We help people change from offenders to community members.
People learn how to live and meet their needs by watching others. Violence is learned and it can be unlearned and replaced with skillful, non-violent strategies. While it is not always easy to show others how to live more successfully, approaches that honor an individual’s humanity while holding them accountable for their acts have an excellent record at changing behavior.
Nonviolent Communication (NVC) training has proven to be effective in supporting offenders to make different choices in their lives. NVC’s effectiveness is based on building empathy, a felt sense of self and others, and understanding of our deepest motivations and how to choose strategies that are more effective at meeting our needs.
Research has shown that NVC training increases empathy, and has also shown that any increase in empathy increases pro-social behavior and decreases aggressive behavior, resulting in reduced violence and reduced violent crime.
Our program works.
The Oregon Prison Project currently offers year-long trainings in five Oregon prisons and two post-release programs. Our programs have been so effective that the Oregon Parole Board is referring those who they deny parole to our program, and program graduates are more likely to get parole than those who do not attend our classes.
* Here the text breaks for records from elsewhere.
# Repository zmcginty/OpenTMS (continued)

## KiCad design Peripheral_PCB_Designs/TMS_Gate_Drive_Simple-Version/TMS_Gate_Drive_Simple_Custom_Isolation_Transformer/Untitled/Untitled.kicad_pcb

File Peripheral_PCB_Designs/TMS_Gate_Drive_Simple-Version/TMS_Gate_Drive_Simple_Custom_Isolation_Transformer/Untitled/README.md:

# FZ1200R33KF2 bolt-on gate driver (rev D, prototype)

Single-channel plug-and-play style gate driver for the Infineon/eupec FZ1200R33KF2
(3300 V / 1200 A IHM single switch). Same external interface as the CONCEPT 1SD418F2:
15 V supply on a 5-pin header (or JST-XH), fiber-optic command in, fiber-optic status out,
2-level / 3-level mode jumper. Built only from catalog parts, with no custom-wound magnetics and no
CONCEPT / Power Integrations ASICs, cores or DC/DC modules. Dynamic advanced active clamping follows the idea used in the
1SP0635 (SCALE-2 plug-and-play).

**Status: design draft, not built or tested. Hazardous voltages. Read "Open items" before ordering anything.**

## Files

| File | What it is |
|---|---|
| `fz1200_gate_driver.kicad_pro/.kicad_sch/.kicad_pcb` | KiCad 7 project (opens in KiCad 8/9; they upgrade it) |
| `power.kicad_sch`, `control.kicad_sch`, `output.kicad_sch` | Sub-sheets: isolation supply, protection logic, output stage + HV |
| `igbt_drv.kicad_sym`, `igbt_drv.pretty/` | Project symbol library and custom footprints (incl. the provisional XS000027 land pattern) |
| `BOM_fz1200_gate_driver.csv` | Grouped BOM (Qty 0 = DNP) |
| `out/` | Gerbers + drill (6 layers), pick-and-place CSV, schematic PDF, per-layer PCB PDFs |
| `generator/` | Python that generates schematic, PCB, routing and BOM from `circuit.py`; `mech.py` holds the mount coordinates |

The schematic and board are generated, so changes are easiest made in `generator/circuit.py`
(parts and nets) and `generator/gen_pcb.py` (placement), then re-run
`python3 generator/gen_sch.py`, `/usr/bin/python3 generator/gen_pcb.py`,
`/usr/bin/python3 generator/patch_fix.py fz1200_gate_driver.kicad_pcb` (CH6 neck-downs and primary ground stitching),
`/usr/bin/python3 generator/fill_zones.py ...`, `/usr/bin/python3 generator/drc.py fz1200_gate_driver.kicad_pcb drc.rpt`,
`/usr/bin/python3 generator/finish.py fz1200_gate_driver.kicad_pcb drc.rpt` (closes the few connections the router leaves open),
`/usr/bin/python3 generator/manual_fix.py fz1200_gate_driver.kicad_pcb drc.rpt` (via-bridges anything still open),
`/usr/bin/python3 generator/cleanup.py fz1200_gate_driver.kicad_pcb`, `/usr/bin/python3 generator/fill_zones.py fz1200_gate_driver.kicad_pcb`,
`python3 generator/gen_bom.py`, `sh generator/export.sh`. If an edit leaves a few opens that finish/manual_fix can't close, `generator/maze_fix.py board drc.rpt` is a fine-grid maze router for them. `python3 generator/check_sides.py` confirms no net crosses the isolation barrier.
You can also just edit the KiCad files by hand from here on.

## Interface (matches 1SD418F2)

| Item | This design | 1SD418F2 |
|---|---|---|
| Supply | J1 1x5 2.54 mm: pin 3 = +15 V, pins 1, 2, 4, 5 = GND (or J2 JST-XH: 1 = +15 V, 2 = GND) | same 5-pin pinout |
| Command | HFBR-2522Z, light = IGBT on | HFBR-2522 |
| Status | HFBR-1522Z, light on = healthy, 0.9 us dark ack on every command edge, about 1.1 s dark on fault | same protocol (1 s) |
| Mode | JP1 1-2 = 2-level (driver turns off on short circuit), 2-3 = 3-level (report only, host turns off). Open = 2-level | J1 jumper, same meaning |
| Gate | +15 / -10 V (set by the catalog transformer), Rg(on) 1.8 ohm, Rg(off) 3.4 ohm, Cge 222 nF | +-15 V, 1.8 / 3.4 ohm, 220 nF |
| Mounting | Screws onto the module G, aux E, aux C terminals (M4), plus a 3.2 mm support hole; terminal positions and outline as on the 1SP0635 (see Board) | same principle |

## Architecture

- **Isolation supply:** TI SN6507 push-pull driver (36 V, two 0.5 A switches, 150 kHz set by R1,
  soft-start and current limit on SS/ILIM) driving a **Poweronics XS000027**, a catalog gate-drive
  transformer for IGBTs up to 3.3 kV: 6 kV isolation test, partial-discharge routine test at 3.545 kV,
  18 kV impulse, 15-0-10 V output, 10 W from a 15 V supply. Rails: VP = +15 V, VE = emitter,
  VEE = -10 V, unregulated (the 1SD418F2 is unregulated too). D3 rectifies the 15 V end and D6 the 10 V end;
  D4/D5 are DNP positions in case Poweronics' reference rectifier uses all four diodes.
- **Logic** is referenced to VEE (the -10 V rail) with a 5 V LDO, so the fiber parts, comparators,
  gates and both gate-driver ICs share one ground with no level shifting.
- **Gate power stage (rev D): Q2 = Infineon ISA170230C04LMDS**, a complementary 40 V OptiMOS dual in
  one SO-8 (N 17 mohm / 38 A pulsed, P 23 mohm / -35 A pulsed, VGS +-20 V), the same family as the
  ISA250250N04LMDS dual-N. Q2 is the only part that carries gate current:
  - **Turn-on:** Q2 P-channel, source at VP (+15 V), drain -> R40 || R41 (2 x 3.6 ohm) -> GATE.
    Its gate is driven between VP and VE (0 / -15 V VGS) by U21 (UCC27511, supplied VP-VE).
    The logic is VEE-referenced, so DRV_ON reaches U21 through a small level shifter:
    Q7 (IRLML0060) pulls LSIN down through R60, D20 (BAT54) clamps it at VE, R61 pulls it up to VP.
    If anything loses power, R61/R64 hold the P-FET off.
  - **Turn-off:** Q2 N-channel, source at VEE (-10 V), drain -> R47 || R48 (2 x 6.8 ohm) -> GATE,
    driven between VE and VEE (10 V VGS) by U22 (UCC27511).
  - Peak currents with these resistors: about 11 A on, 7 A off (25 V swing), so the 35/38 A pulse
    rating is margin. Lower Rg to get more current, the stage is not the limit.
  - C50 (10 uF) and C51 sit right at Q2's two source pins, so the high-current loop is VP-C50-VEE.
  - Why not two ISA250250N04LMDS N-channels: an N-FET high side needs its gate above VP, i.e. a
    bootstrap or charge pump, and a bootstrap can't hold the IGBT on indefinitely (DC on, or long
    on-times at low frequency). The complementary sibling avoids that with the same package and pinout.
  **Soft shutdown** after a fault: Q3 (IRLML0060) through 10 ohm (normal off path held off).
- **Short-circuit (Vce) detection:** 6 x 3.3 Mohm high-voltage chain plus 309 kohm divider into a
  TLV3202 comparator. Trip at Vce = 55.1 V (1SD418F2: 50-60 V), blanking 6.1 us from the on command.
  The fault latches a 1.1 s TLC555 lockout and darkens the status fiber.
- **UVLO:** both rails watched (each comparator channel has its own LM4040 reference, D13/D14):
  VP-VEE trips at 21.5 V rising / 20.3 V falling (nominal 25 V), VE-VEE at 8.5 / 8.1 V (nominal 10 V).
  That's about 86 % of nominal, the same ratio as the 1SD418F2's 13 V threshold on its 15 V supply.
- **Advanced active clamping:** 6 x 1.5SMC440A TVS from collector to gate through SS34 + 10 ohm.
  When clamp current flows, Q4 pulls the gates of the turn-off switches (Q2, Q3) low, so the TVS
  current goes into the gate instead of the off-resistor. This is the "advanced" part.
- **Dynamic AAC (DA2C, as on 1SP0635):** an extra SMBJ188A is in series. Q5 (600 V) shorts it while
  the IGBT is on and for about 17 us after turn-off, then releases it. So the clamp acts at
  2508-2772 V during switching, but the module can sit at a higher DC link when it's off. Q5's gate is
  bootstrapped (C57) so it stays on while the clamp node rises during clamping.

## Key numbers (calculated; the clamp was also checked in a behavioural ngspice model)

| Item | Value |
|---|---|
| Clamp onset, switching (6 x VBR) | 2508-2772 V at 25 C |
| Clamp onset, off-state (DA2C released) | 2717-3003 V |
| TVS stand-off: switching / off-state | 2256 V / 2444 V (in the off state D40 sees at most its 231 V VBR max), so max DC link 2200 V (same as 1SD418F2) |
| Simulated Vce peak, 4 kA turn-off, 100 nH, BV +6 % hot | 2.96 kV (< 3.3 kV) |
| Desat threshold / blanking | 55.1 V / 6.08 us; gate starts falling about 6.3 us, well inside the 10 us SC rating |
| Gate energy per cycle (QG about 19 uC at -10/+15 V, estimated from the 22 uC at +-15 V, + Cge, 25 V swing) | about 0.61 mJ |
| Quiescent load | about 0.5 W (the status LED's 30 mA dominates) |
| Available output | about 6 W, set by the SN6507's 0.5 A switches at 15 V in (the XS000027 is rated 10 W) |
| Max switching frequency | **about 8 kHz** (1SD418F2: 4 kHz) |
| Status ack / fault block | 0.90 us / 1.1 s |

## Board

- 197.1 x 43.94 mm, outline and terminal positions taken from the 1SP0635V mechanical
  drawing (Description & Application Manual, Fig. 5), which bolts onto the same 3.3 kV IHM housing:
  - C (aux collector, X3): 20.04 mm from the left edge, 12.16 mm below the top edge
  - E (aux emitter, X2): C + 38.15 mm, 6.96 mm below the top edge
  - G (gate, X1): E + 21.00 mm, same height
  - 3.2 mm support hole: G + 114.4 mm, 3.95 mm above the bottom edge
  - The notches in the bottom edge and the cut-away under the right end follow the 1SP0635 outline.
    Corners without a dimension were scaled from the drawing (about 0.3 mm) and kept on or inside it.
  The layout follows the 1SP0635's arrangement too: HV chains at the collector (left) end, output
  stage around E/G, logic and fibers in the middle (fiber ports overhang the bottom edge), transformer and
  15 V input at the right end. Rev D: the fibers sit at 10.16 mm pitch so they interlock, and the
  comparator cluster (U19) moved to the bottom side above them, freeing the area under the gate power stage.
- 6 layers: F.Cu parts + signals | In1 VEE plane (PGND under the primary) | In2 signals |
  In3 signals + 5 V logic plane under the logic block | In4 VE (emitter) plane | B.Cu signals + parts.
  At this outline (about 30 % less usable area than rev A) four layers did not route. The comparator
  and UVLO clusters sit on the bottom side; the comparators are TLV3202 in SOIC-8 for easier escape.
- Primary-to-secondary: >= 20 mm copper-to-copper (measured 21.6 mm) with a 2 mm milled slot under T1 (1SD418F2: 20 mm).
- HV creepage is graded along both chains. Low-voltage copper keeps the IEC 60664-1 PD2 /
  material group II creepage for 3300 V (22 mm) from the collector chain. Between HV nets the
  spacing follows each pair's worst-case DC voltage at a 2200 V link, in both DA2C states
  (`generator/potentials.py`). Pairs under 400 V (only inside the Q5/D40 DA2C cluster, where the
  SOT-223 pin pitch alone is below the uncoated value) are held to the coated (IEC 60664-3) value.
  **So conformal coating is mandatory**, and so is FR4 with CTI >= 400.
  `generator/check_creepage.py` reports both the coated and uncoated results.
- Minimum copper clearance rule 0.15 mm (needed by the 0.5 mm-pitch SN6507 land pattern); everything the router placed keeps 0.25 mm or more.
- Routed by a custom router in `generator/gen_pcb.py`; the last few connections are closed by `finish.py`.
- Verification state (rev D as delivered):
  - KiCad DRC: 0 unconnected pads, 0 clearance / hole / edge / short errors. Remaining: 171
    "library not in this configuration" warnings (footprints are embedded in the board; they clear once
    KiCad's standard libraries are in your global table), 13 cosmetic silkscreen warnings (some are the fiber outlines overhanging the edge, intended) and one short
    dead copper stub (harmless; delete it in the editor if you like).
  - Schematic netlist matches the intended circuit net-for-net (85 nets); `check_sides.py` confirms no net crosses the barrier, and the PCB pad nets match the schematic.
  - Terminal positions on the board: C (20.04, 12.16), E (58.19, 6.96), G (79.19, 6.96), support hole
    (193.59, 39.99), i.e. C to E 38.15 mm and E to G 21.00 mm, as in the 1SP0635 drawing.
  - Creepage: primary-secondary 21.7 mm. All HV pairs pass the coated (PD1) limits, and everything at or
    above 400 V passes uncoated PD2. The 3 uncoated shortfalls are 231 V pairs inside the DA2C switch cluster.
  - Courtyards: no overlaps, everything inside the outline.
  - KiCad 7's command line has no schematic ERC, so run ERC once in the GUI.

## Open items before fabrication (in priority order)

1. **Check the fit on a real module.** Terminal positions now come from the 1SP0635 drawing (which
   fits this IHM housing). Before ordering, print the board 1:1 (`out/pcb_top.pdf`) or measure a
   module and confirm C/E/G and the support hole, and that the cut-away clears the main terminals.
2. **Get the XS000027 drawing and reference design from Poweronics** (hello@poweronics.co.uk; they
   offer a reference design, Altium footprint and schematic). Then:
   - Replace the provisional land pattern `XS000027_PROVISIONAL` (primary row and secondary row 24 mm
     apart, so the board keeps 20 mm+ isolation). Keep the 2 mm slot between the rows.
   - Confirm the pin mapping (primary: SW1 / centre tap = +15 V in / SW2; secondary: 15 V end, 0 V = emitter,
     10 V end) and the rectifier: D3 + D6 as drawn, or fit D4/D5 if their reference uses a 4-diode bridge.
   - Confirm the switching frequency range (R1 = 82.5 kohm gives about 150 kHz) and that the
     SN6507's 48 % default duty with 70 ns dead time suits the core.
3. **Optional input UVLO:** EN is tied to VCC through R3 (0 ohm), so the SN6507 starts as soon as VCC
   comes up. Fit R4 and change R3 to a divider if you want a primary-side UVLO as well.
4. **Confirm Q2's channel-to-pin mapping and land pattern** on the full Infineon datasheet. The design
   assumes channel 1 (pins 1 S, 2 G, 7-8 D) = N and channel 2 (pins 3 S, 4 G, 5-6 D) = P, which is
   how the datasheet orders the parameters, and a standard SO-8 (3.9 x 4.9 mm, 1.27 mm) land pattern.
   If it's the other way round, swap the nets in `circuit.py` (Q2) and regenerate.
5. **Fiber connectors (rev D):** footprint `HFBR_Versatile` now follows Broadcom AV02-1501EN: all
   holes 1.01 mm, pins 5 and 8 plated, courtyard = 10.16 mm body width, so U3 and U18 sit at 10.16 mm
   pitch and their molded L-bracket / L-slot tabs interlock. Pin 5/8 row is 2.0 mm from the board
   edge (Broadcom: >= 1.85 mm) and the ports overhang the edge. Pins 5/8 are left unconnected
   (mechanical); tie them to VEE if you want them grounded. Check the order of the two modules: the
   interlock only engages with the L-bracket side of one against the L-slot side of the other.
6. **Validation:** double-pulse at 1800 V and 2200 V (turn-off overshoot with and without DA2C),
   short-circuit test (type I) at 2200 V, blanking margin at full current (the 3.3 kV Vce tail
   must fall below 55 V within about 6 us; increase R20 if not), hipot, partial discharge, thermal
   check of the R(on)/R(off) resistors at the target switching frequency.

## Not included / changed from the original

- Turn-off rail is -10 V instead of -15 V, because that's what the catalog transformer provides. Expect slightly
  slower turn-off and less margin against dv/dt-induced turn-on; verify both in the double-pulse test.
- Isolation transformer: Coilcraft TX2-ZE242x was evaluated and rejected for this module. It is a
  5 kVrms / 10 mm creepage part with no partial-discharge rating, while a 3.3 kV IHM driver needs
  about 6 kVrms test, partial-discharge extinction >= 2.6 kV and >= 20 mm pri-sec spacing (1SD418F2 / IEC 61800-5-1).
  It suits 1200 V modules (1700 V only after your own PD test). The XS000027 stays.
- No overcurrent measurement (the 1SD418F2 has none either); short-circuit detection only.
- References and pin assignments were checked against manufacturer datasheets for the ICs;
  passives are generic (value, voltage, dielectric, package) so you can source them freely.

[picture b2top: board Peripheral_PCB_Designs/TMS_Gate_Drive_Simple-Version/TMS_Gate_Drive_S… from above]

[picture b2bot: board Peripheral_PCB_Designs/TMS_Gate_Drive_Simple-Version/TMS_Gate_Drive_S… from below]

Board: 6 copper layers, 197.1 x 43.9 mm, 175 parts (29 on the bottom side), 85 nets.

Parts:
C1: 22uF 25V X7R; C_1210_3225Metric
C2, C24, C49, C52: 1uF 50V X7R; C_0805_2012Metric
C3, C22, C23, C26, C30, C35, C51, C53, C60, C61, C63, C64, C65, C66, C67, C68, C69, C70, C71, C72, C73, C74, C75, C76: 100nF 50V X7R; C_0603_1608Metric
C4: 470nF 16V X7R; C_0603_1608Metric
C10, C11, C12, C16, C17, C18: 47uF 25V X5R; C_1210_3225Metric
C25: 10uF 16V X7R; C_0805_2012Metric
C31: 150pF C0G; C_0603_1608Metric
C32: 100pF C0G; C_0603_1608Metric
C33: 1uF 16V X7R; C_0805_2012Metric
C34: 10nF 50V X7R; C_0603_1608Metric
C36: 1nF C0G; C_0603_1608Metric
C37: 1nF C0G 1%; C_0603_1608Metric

As a sentence for their crimes some of our program participants received a sentence of life without possibility of parole. We are especially gratified that a number of these graduates have been found to be rehabilitatable and have received parole dates, demonstrating that even those making the most horrific mistakes can learn to live different lives.
We feel deeply satisfied and gratified by these results, and even more encouraged by the stories that we are told by those who have been released from prison about how their new skills and understandings are affecting their lives.
Most of all we are gratified that these people are not committing new crimes; they are contributing to others rather than harming others. This is the result we are all looking for.
[Inmates] with NVC training are more self-aware, more emotionally mature, better able to articulate their change of heart and behavior, and show more responsibility for owning up to their actions with genuine regret.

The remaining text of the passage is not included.